朱莉沙の目が伏せ気味に、俺を見つめたまま…
触れそうな距離…彼女が目を閉じた。

【どくっん…】

急かすような衝動…
柔らかさを感じる程度で、そっと唇に触れた。

息の詰まる思いに、唇から離れる…
朱莉沙が目を開け、笑顔。

愛しい…どうしたら、手に入るんだろう?
力任せにすれば、壊れてしまいそうな身体…触れるのを戸惑う。

「孝彬?」

また、不安の表情…クルクル変化する表情に、一喜一憂。
戸惑い、幸せを感じ…深い闇を手さぐりで、光だと信じた物にも疑心暗鬼。

簡単に唇に触れ、感情の促すまま…
それでも…彼女の拒絶はなかった……

「朱莉沙、俺の事…嫌いじゃない?」

「嫌いだったら、ここにはいない。
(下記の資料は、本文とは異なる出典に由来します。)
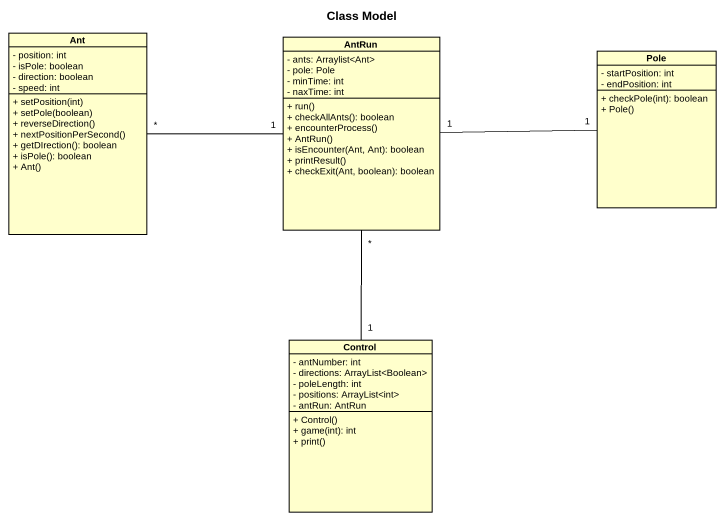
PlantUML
@startuml
title Class Model
hide circle
hide empty members
skinparam classAttributeIconSize 0
class Ant {
  - position: int
  - isPole: boolean
  - direction: boolean
  - speed: int
  + setPosition(int)
  + setPole(boolean)
  + reverseDirection()
  + nextPositionPerSecond()
  + getDIrection(): boolean
  + isPole(): boolean
  + Ant()
}
class AntRun {
  - ants: Arraylist<Ant>
  - pole: Pole
  - minTime: int
  - naxTime: int
  + run()
  + checkAllAnts(): boolean
  + encounterProcess()
  + AntRun()
  + isEncounter(Ant, Ant): boolean
  + printResult()
  + checkExit(Ant, boolean): boolean
}
class Pole {
  - startPosition: int
  - endPosition: int
  + checkPole(int): boolean
  + Pole()
}
class "Control" as Control_ {
  - antNumber: int
  - directions: ArrayList<Boolean>
  - poleLength: int
  - positions: ArrayList<int>
  - antRun: AntRun
  + Control()
  + game(int): int
  + print()
}
Ant "*" -right- "1" AntRun
AntRun "1" -right- "1" Pole
AntRun "*" -- "1" Control_
@enduml
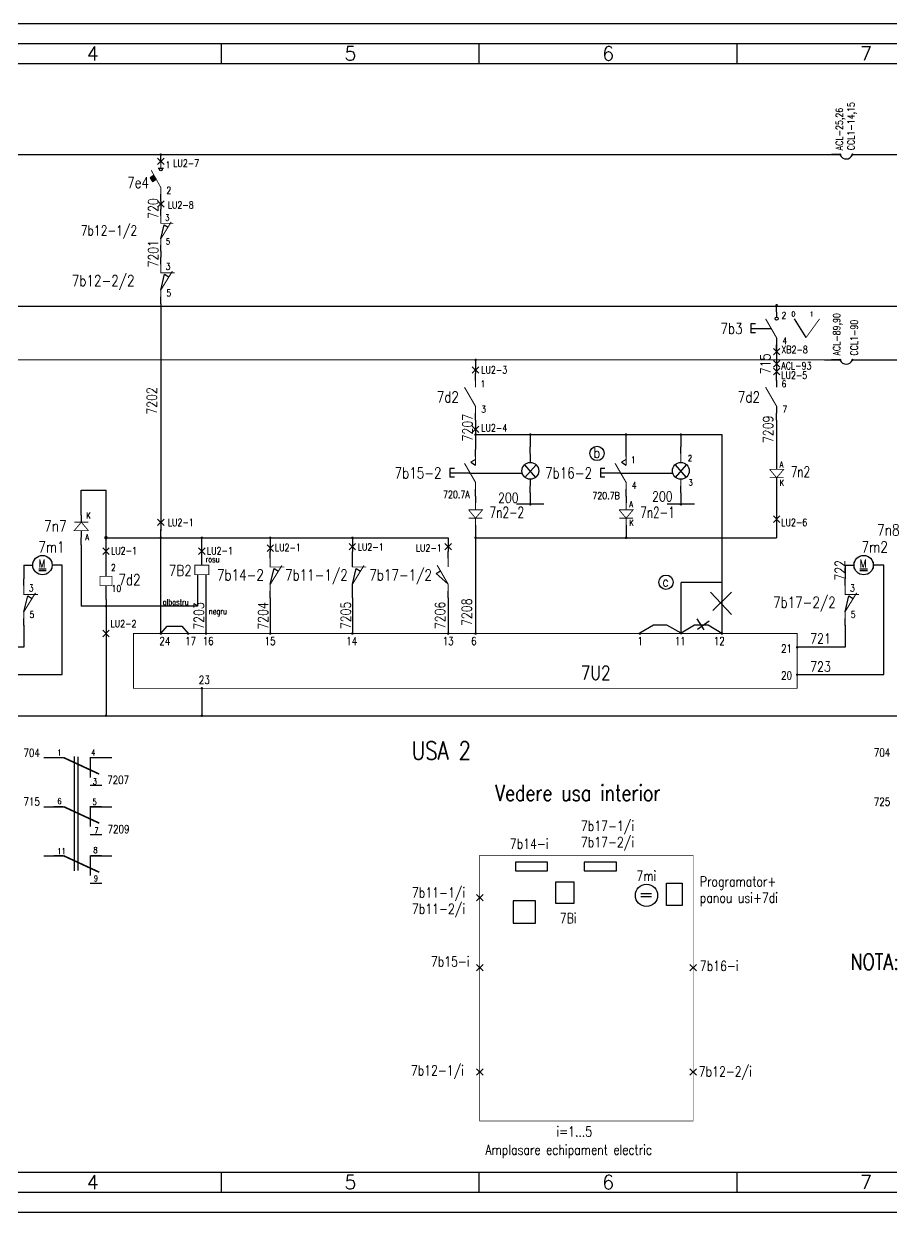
# Model space of a CAD drawing. Header units: millimetres. Extents: x 3134 to 4185, y 1786 to 2083.
# Drawn here: x 3352.6 to 3569.4, y 1785.8 to 2082.8 of the extents above; entities that cross this region are included whole.
import ezdxf
from ezdxf.enums import TextEntityAlignment as Align

# ---------------------------------------------------------------- set-up
doc = ezdxf.new("R2010")
doc.units = ezdxf.units.MM
doc.layers.add('MODIFICARI', color=2, linetype='Continuous')
doc.styles.add('ISO', font='SIMPLEX.shx')
doc.styles.add('ROMANS', font='ROMANS.shx', dxfattribs={"width": 0.8})

# ---------------------------------------------------------------- blocks, each defined once
blk = doc.blocks.new('5A4')
at = {"color": 70}
for p, q in [((-783.28, 287), (-783.28, 292)), ((-718.85, 287), (-718.85, 292)), ((-654.42, 287), (-654.42, 292)), ((-783.28, 5), (-783.28, 10)), ((-718.85, 5), (-718.85, 10)), ((-654.42, 5), (-654.42, 10))]:
    blk.add_line(p, q, dxfattribs=at)
at = {"color": 240}
for points in [[(0, 0), (0, 297), (-1051, 297), (-1051, 0)], [(-5, 5), (-5, 292), (-1046, 292), (-1046, 5)]]:
    blk.add_lwpolyline(points, close=True, dxfattribs=at)
at = {"color": 70}
blk.add_lwpolyline([(-1041, 287), (-1041, 10), (-10, 10), (-10, 287)], close=True, dxfattribs=at)
at = {"color": 50, "style": 'ISO'}
for s, p in [('4', (-815.5, 289.55)), ('5', (-751.07, 289.55)), ('6', (-686.63, 289.55)), ('7', (-622.21, 289.55)), ('4', (-815.5, 7.55)), ('5', (-751.07, 7.55)), ('6', (-686.63, 7.55)), ('7', (-622.21, 7.55))]:
    blk.add_text(s, height=3.5, dxfattribs=at).set_placement(p, align=Align.MIDDLE)
blk = doc.blocks.new('CNI')
at = {"linetype": 'Continuous'}
for p, q in [((0, -2.5), (0, 0)), ((0, -17), (0, -14.5))]:
    blk.add_line(p, q, dxfattribs=at)
at = {"linetype": 'Continuous', "const_width": 0.4}
for points in [[(0, -5.27), (0, -2.5)], [(0, -14.5), (0, -12)]]:
    blk.add_lwpolyline(points, dxfattribs=at)
at = {"linetype": 'Continuous', "flags": 128}
for points, const_width in [([(0, -12), (5.13, -3.14)], 0.4), ([(-0.2, -5.34), (6.23, -5.34)], 0.3)]:
    blk.add_lwpolyline(points, dxfattribs=dict(at, const_width=const_width))
at = {"linetype": 'Continuous', "style": 'ROMANS', "width": 0.8}
for tag, p in [('1', (1.05, -4.79)), ('2', (1.33, -14.29))]:
    blk.add_attdef(tag, p, '', height=2.5, dxfattribs=at)
blk.add_attdef('K1', text='', height=4, dxfattribs=at).set_placement((-6.08, -8.56), align=Align.MIDDLE_RIGHT)
blk = doc.blocks.new('BILUTA')
at = {"linetype": 'Continuous', "flags": 128}
blk.add_lwpolyline([(-0.225, 0, 0.45, 0.45, 1), (0.225, 0, 0.45, 0.45, 1)], format="xyseb", close=True, dxfattribs=at)
blk = doc.blocks.new('X')
for p, q in [((0.81, 0.81), (-0.81, -0.81)), ((-0.81, 0.81), (0.81, -0.81))]:
    blk.add_line(p, q)
blk = doc.blocks.new('BUT-REV')
at = {"linetype": 'Continuous'}
for p, q in [((0, -2.5), (0, 0)), ((0, -3.63), (-1.69, -4.63)), ((-9.39, -6.89), (-9.39, -10.11)), ((-7.74, -6.89), (-9.39, -6.89)), ((-9.39, -8.5), (-2.27, -8.48)), ((-1.69, -4.63), (0.01, -5.65)), ((-7.74, -10.11), (-9.39, -10.11)), ((0, -17), (0, -14.5))]:
    blk.add_line(p, q, dxfattribs=at)
at = {"linetype": 'Continuous', "const_width": 0.4}
for points in [[(0, -5.71), (0, -2.5)], [(0, -14.5), (0, -12)]]:
    blk.add_lwpolyline(points, dxfattribs=at)
at = {"linetype": 'Continuous', "const_width": 0.4, "flags": 128}
blk.add_lwpolyline([(0, -12), (-4.04, -5)], dxfattribs=at)
at = {"linetype": 'Continuous', "style": 'ROMANS', "width": 0.8}
for tag, p in [('1', (1.8, -5.02)), ('2', (2.09, -14.29))]:
    blk.add_attdef(tag, p, '', height=2.5, dxfattribs=at)
blk.add_attdef('P1', text='', height=4, dxfattribs=at).set_placement((-12.44, -8.54), align=Align.MIDDLE_RIGHT)
blk = doc.blocks.new('LIM-NI')
at = {"linetype": 'Continuous'}
for p, q in [((0, -2.5), (0, 0)), ((0, -12), (1.41, -6.24)), ((1.41, -6.24), (2.96, -7.19)), ((0, -17), (0, -14.5))]:
    blk.add_line(p, q, dxfattribs=at)
at = {"linetype": 'Continuous', "const_width": 0.4}
for points in [[(0, -5.71), (0, -2.5)], [(0, -14.5), (0, -12)]]:
    blk.add_lwpolyline(points, dxfattribs=at)
at = {"linetype": 'Continuous', "flags": 128}
for points, const_width in [([(-0.16, -5.71), (5.12, -5.71)], 0.3), ([(0, -12), (4.24, -5.12)], 0.4)]:
    blk.add_lwpolyline(points, dxfattribs=dict(at, const_width=const_width))
at = {"linetype": 'Continuous', "style": 'ROMANS', "width": 0.8}
for tag, p in [('1', (1.8, -4.63)), ('2', (2.09, -14.29))]:
    blk.add_attdef(tag, p, '', height=2.5, dxfattribs=at)
blk.add_attdef('L1', text='', height=4, dxfattribs=at).set_placement((-9.58, -8.57), align=Align.MIDDLE_RIGHT)
blk = doc.blocks.new('DIODA')
at = {"linetype": 'Continuous'}
for p, q in [((0, 10.56), (0, 13.06)), ((0, 0), (0, 2.5))]:
    blk.add_line(p, q, dxfattribs=at)
at = {"linetype": 'Continuous', "const_width": 0.4}
for points in [[(0, 8.06), (0, 10.56)], [(0, 2.5), (0, 5)]]:
    blk.add_lwpolyline(points, dxfattribs=at)
at = {"linetype": 'Continuous', "const_width": 0.3, "flags": 128}
for points in [[(0, 8.06), (-2.57, 5), (2.57, 5)], [(-2.5, 8.06), (2.5, 8.06)], [(0, 8.06), (2.57, 5)]]:
    blk.add_lwpolyline(points, dxfattribs=at)
at = {"linetype": 'Continuous', "style": 'ROMANS', "width": 0.8}
blk.add_attdef('D', text='', height=4, dxfattribs=at).set_placement((-5.19, 6.69), align=Align.MIDDLE_RIGHT)
for tag, p in [('1', (1.8, 9.24)), ('2', (1.88, 1.16))]:
    blk.add_attdef(tag, p, '', height=2.5, dxfattribs=at)
blk = doc.blocks.new('BOB-REL')
at = {"linetype": 'Continuous'}
for p, q in [((0, 10.88), (0, 13.38)), ((0, 0), (0, 2.5))]:
    blk.add_line(p, q, dxfattribs=at)
at = {"linetype": 'Continuous', "const_width": 0.4}
for points in [[(0, 8.38), (0, 10.88)], [(0, 2.5), (0, 5)]]:
    blk.add_lwpolyline(points, dxfattribs=at)
at = {"linetype": 'Continuous', "const_width": 0.3, "flags": 128}
blk.add_lwpolyline([(2.19, 5), (2.19, 8.38), (-2.19, 8.38), (-2.19, 5)], close=True, dxfattribs=at)
at = {"linetype": 'Continuous', "style": 'ROMANS', "width": 0.8}
blk.add_attdef('K', text='', height=4, dxfattribs=at).set_placement((-4.59, 7.14), align=Align.MIDDLE_RIGHT)
for tag, p in [('1', (1.8, 10.36)), ('2', (2.09, 2.71))]:
    blk.add_attdef(tag, p, '', height=2.5, dxfattribs=at)
blk = doc.blocks.new('LIM')
at = {"linetype": 'Continuous'}
for p, q in [((0, -2.5), (0, 0)), ((-4.4, -8.02), (-2.82, -7.11)), ((0, -12), (-4.4, -8.02)), ((0, -17), (0, -14.5))]:
    blk.add_line(p, q, dxfattribs=at)
at = {"linetype": 'Continuous', "const_width": 0.4}
for points in [[(0, -5.71), (0, -2.5)], [(0, -14.5), (0, -12)]]:
    blk.add_lwpolyline(points, dxfattribs=at)
at = {"linetype": 'Continuous', "const_width": 0.4, "flags": 128}
blk.add_lwpolyline([(0, -12), (-4.04, -5)], dxfattribs=at)
at = {"linetype": 'Continuous', "style": 'ROMANS', "width": 0.8}
for tag, p in [('1', (1.8, -5.02)), ('2', (2.09, -14.29))]:
    blk.add_attdef(tag, p, '', height=2.5, dxfattribs=at)
blk.add_attdef('L1', text='', height=4, dxfattribs=at).set_placement((-9.58, -8.57), align=Align.MIDDLE_RIGHT)
blk = doc.blocks.new('CND')
at = {"linetype": 'Continuous'}
for p, q in [((0, -2.5), (0, 0)), ((0, -17), (0, -14.5))]:
    blk.add_line(p, q, dxfattribs=at)
at = {"linetype": 'Continuous', "const_width": 0.4}
for points in [[(0, -5), (0, -2.5)], [(0, -14.5), (0, -12)]]:
    blk.add_lwpolyline(points, dxfattribs=at)
at = {"linetype": 'Continuous', "const_width": 0.4, "flags": 128}
blk.add_lwpolyline([(0, -12), (-4.04, -5)], dxfattribs=at)
at = {"linetype": 'Continuous', "style": 'ROMANS', "width": 0.8}
for tag, p in [('1', (1.8, -5.02)), ('2', (2.09, -14.29))]:
    blk.add_attdef(tag, p, '', height=2.5, dxfattribs=at)
blk.add_attdef('K1', text='', height=4, dxfattribs=at).set_placement((-6.08, -8.56), align=Align.MIDDLE_RIGHT)
blk = doc.blocks.new('B1')
at = {"linetype": 'Continuous'}
for p, q in [((0, -2.5), (0, 0)), ((-2.07, -6.54), (1.93, -11.17)), ((-1.94, -11.17), (2.1, -6.54)), ((0, -16.86), (0, -14.36))]:
    blk.add_line(p, q, dxfattribs=at)
at = {"linetype": 'Continuous', "const_width": 0.4}
for points in [[(0, -5.71), (0, -2.5)], [(0, -14.36), (0, -11.86)]]:
    blk.add_lwpolyline(points, dxfattribs=at)
at = {"linetype": 'Continuous'}
blk.add_circle((0, -8.78), 3.07, dxfattribs=at)
at = {"linetype": 'Continuous', "style": 'ROMANS', "width": 0.8}
blk.add_attdef('H1', text='', height=4, dxfattribs=at).set_placement((-6.71, -8.53), align=Align.MIDDLE_RIGHT)
blk = doc.blocks.new('A$C313A4CAA')
at = {"layer": 'MODIFICARI'}
blk.add_circle((1.79, 1.79), 1.79, dxfattribs=at)
at = {"layer": 'MODIFICARI', "style": 'ROMANS', "width": 0.8}
blk.add_text('b', height=2.5, dxfattribs=at).set_placement((0.93, 0.7))
blk = doc.blocks.new('MONO1')
at = {"linetype": 'Continuous'}
for p, q in [((0, -2.5), (0, 0)), ((-1, -5), (1, -5)), ((0, -17), (0, -14.5))]:
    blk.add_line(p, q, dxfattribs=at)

あなたの考えを、知りたいとも思わない。でも、不安なの…言い表せない感情が私を苦しめる。」

触れたい…思いきり、彼女の存在を実感するように。
でも…

「朱莉沙、触れるのが怖い…今まで俺は、どうしていた?」

手が震える…簡単に壊れるんじゃないだろうか?
壊してしまう…きっと、傷つける。

涙を零し、俺を見てくれないかもしれない。
怖い…冷たいような恐怖に、囚われる!!

「孝彬…、私に触れるのが怖い?今まで触れていたのは、無意識なの?」

朱莉沙は、俺の両腕を捕まえ必死で問う。
それに答える…

「…怖い…君の身体は、柔く…壊してしまいそうだ。今まで…?無意識じゃない。ただ、博士の情報の通り…自分で、考えたわけじゃない。増えた俺の情報。朱莉沙の気持ちや、俺の気持ちさえ…今は、すべてに頭がついていかない…戸惑いと不安…怖いんだ。」

泣きそうになる…情けなさと、もどかしさ…
こんな俺を、朱莉沙は どう思っただろうか。

「孝彬…私の心が反応する…あなたの愛情を、初めて身近に感じた。嬉しい…ありがとう。」

【ちゅ…】
『愛情を注げば、愛情は増え…返ってくるのです』

朱莉沙からの、初めてのキス…
受けた愛情に、想いは膨らんで……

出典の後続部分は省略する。